- **The problem**: The answer is the set of lines that include "knots", copied from the data below.

(Records from a dataset)

────────

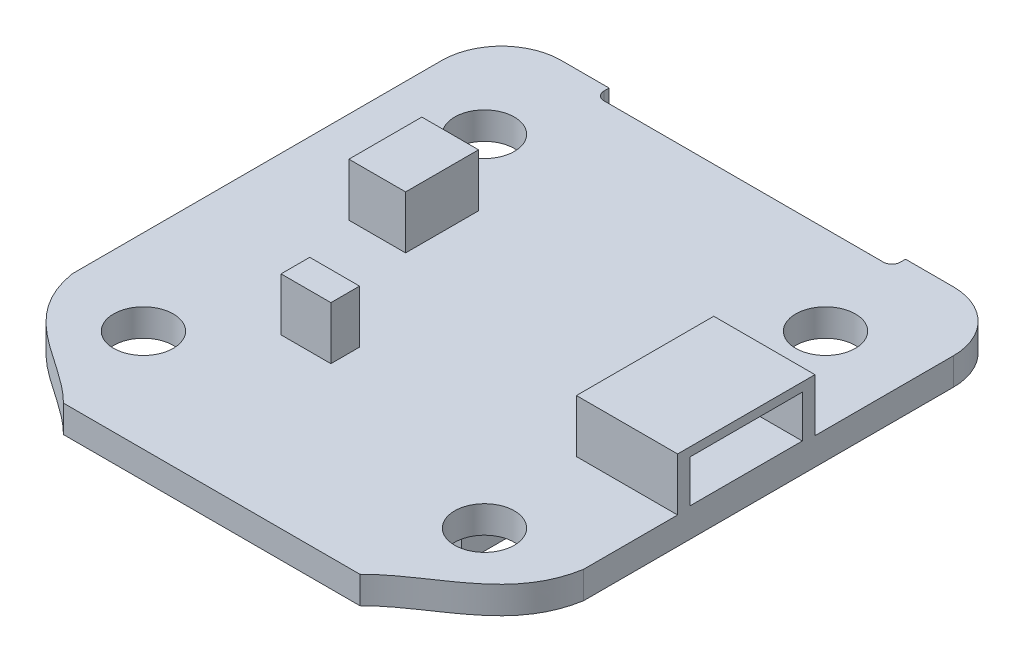
SolidWorks part; units mm, degrees
ref_plane "Front Plane" through (0, 0, 0) normal (0, 0, 1) x (1, 0, 0)
ref_plane "Top Plane" through (0, 0, 0) normal (0, 1, 0) x (1, 0, 0)
ref_plane "Right Plane" through (0, 0, 0) normal (1, 0, 0) x (0, 0, -1)
sketch "Sketch1" plane through (0, 0, 0) normal (0, 1, 0) x (1, 0, 0)
  line L0 (0, 0) -> (0, -16) construction
  line L1 (-8.6928, -16) -> (8.6928, -16)
  line L2 (-15, -9.1838) -> (-15, 12.5)
  line L3 (-11.5, 16) -> (-8.6928, 16)
  line L4 (15, -9.1838) -> (15, 12.5)
  line L5 (-15, -16) -> (15, 16) construction
  line L6 (-15, 16) -> (15, -16) construction
  line L7 (10, -10) -> (-10, -10) construction
  line L8 (10, -10) -> (10, 10) construction
  line L9 (10, 10) -> (-10, 10) construction
  line L10 (-10, -10) -> (-10, 10) construction
  line L11 (10, -10) -> (-10, 10) construction
  line L12 (10, 10) -> (-10, -10) construction
  line L13 (8.6928, 16) -> (11.5, 16)
  line L14 (8.1928, 15.2007) -> (-8.1928, 15.2007)
  line L15 (8.6928, 15.7007) -> (8.6928, 16)
  line L17 (-8.6928, 15.7007) -> (-8.6928, 16)
  circle A0 centre (-10, 10) radius 1.75
  circle A1 centre (10, 10) radius 1.75
  circle A2 centre (10, -10) radius 1.75
  circle A3 centre (-10, -10) radius 1.75
  arc A4 (11.5, 16) -> (15, 12.5) centre (11.5, 12.5) cw
  arc A5 (-15, 12.5) -> (-11.5, 16) centre (-11.5, 12.5) cw
  arc A6 (8.1928, 15.2007) -> (8.6928, 15.7007) centre (8.1928, 15.7007) ccw
  arc A7 (-8.1928, 15.2007) -> (-8.6928, 15.7007) centre (-8.1928, 15.7007) cw
  spline S0 degree 3 poles (-15, -9.1838) (-14.3663, -12.9511) (-10.8673, -13.8016) (-8.6928, -16) knots 0 0 0 0 0.91531 0.91531 0.91531 0.91531
  spline S1 degree 3 poles (15, -9.1838) (14.3663, -12.9511) (10.8673, -13.8016) (8.6928, -16) knots 0 0 0 0 0.91531 0.91531 0.91531 0.91531
  point P0 (0, 0)
  point P6 (0, 0)
  point P26 (0, 16)
  dimension "D5" = 3.5
  dimension "D6" = 0.5
  dimension "D1" = 30
  dimension "D2" = 32
  dimension "D3" = 20
  dimension "D4" = 20
extrude "Boss-Extrude1" add sketch "Sketch1" along normal blind 1.6
sketch "Sketch2" plane through (0, 1.6, 0) normal (0, 1, 0) x (1, 0, 0)
  line L0 (15, -9.1838) -> (15, 12.5) construction
  line L1 (15, 4.379) -> (9.066, 4.379)
  line L2 (15, 4.379) -> (15, -3.6748)
  line L3 (15, -3.6748) -> (9.066, -3.6748)
  line L4 (9.066, 4.379) -> (9.066, -3.6748)
  line L6 (-9.6084, 5.9349) -> (-6.2843, 5.9349)
  line L7 (-9.6084, 5.9349) -> (-9.6084, 1.6581)
  line L8 (-9.6084, 1.6581) -> (-6.2843, 1.6581)
  line L9 (-6.2843, 5.9349) -> (-6.2843, 1.6581)
  line L10 (-5.7729, -4.4757) -> (-2.8507, -4.4757)
  line L11 (-5.7729, -4.4757) -> (-5.7729, -6.156)
  line L12 (-5.7729, -6.156) -> (-2.8507, -6.156)
  line L13 (-2.8507, -4.4757) -> (-2.8507, -6.156)
extrude "Boss-Extrude2" add sketch "Sketch2" along normal blind 3.1
sketch "Sketch3" plane through (0, 0, 0) normal (0, -1, 0) x (1, 0, 0)
  line L1 (-11.9707, -0.4181) -> (-8.2299, -0.4181)
  line L2 (-11.9707, -0.4181) -> (-11.9707, -5.3912)
  line L3 (-11.9707, -5.3912) -> (-8.2299, -5.3912)
  line L4 (-8.2299, -0.4181) -> (-8.2299, -5.3912)
  line L5 (-4.6651, 7.8118) -> (6.4695, 7.8118)
  line L6 (-4.6651, 7.8118) -> (-4.6651, -6.5795)
  line L7 (-4.6651, -6.5795) -> (6.4695, -6.5795)
  line L8 (6.4695, 7.8118) -> (6.4695, -6.5795)
extrude "Boss-Extrude3" add sketch "Sketch3" along normal blind 3.1
sketch "Sketch4" plane through (15, 0, 0) normal (1, 0, 0) x (0, 0, -1)
  line L1 (-2.9587, 4.1838) -> (3.6388, 4.1838)
  line L2 (-2.9587, 4.1838) -> (-2.9587, 1.7012)
  line L3 (-2.9587, 1.7012) -> (3.6388, 1.7012)
  line L4 (3.6388, 4.1838) -> (3.6388, 1.7012)
extrude "Cut-Extrude1" cut sketch "Sketch4" against normal blind 5.1

────────

- **Task output**:
  spline S0 degree 3 poles (-15, -9.1838) (-14.3663, -12.9511) (-10.8673, -13.8016) (-8.6928, -16) knots 0 0 0 0 0.91531 0.91531 0.91531 0.91531
  spline S1 degree 3 poles (15, -9.1838) (14.3663, -12.9511) (10.8673, -13.8016) (8.6928, -16) knots 0 0 0 0 0.91531 0.91531 0.91531 0.91531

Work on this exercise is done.